## PROBLEM
Scan the data below for the string "lineweight". Show every line where it turns up.

════════════════════

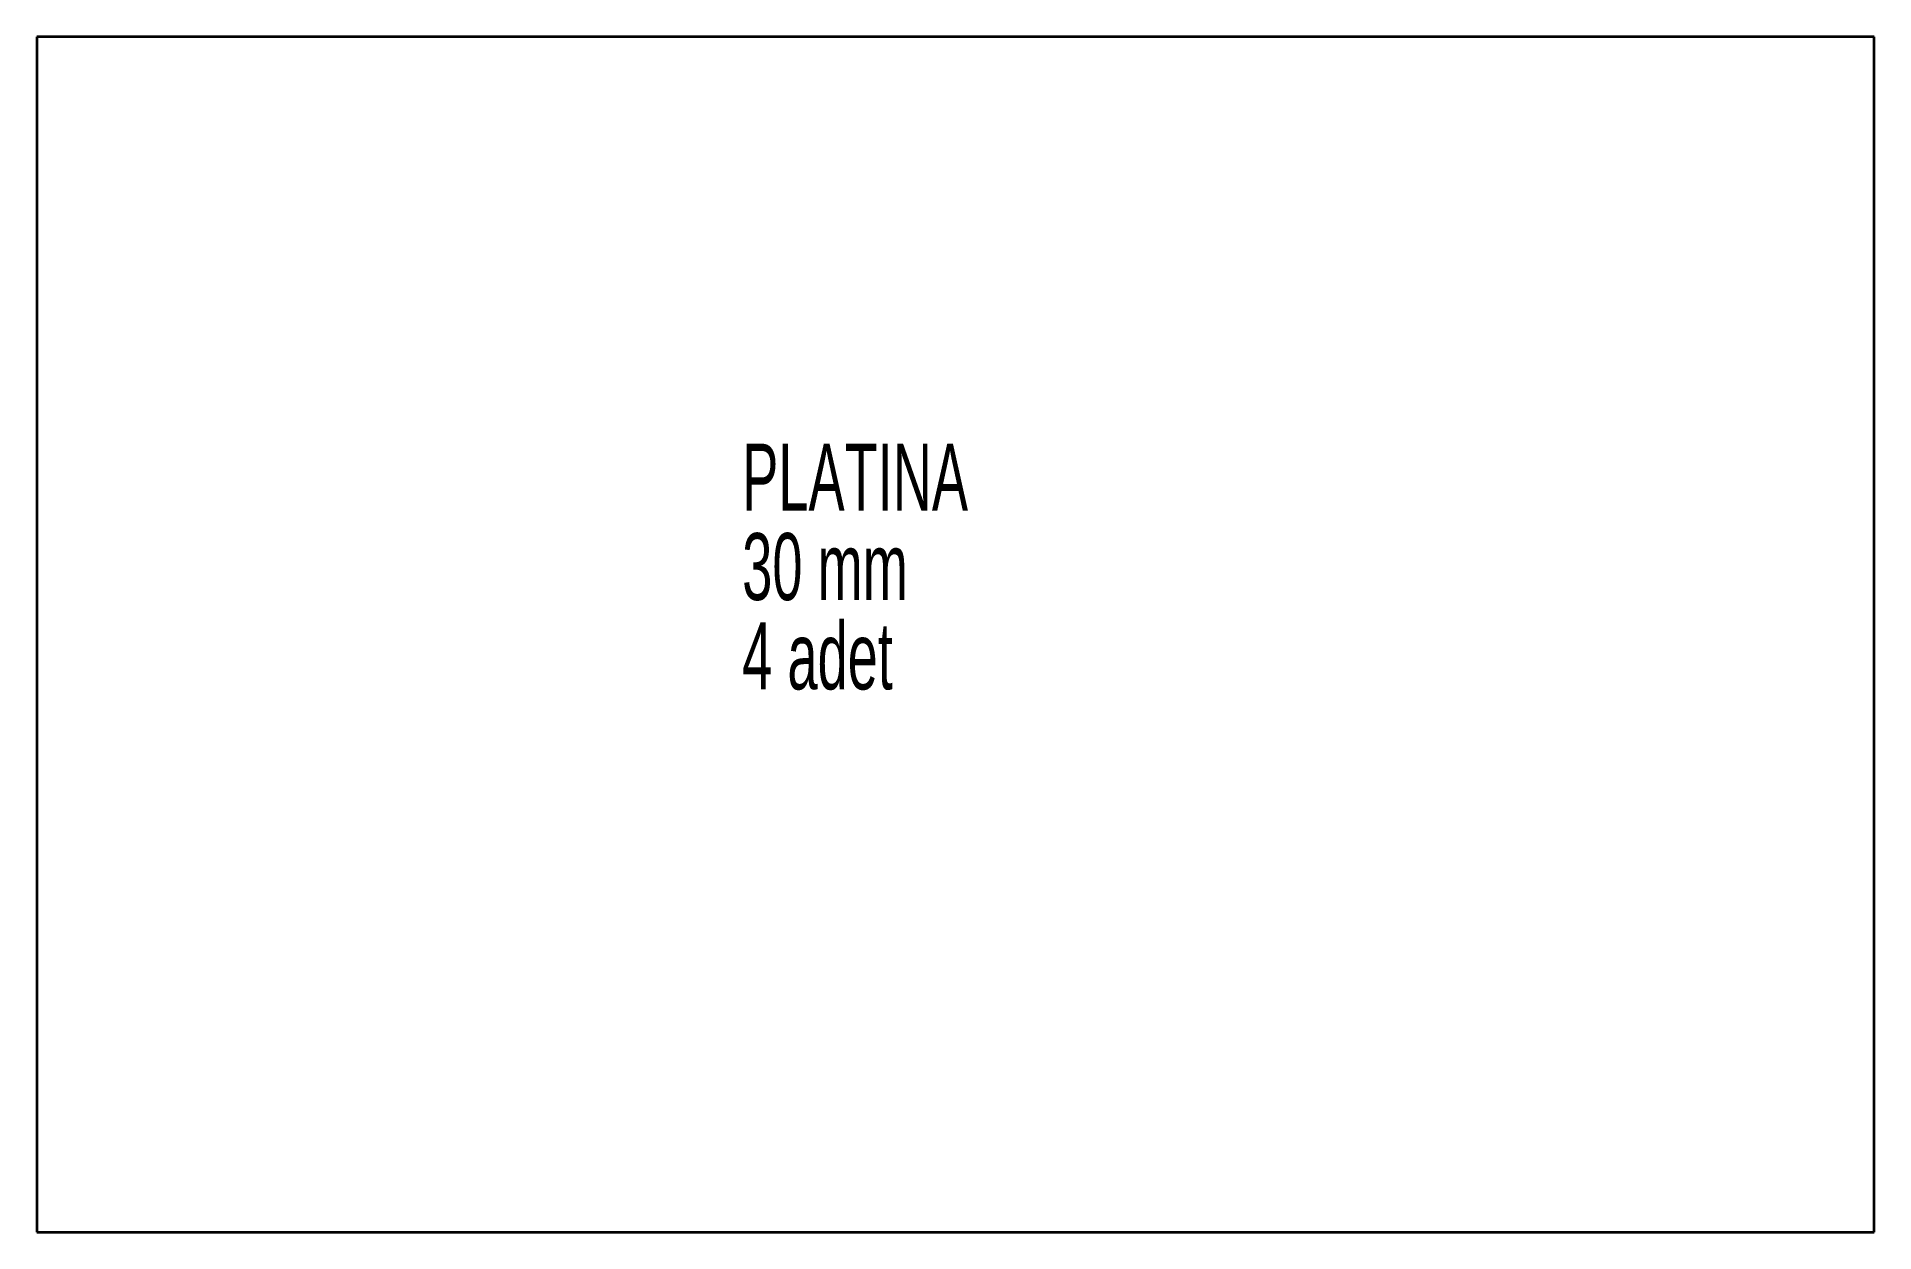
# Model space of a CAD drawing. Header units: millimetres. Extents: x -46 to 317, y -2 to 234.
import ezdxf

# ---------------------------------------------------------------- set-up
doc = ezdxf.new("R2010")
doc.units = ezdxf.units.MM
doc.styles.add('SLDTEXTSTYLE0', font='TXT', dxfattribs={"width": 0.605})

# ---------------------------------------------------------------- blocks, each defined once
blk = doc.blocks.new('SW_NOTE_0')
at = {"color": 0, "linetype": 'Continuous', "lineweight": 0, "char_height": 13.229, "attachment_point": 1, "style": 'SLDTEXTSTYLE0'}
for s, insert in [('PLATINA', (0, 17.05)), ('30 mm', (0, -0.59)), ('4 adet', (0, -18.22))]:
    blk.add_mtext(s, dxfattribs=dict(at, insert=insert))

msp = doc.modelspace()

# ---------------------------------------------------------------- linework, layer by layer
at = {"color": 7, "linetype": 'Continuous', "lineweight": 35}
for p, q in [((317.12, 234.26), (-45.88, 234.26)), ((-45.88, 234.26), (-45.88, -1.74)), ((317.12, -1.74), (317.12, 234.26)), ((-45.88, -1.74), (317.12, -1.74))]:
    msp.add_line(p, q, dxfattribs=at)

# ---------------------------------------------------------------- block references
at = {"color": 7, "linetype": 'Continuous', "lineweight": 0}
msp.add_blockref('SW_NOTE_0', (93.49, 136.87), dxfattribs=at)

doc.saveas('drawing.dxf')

════════════════════

## RESPONSE TO THE EXERCISE
at = {"color": 0, "linetype": 'Continuous', "lineweight": 0, "char_height": 13.229, "attachment_point": 1, "style": 'SLDTEXTSTYLE0'}
at = {"color": 7, "linetype": 'Continuous', "lineweight": 35}
at = {"color": 7, "linetype": 'Continuous', "lineweight": 0}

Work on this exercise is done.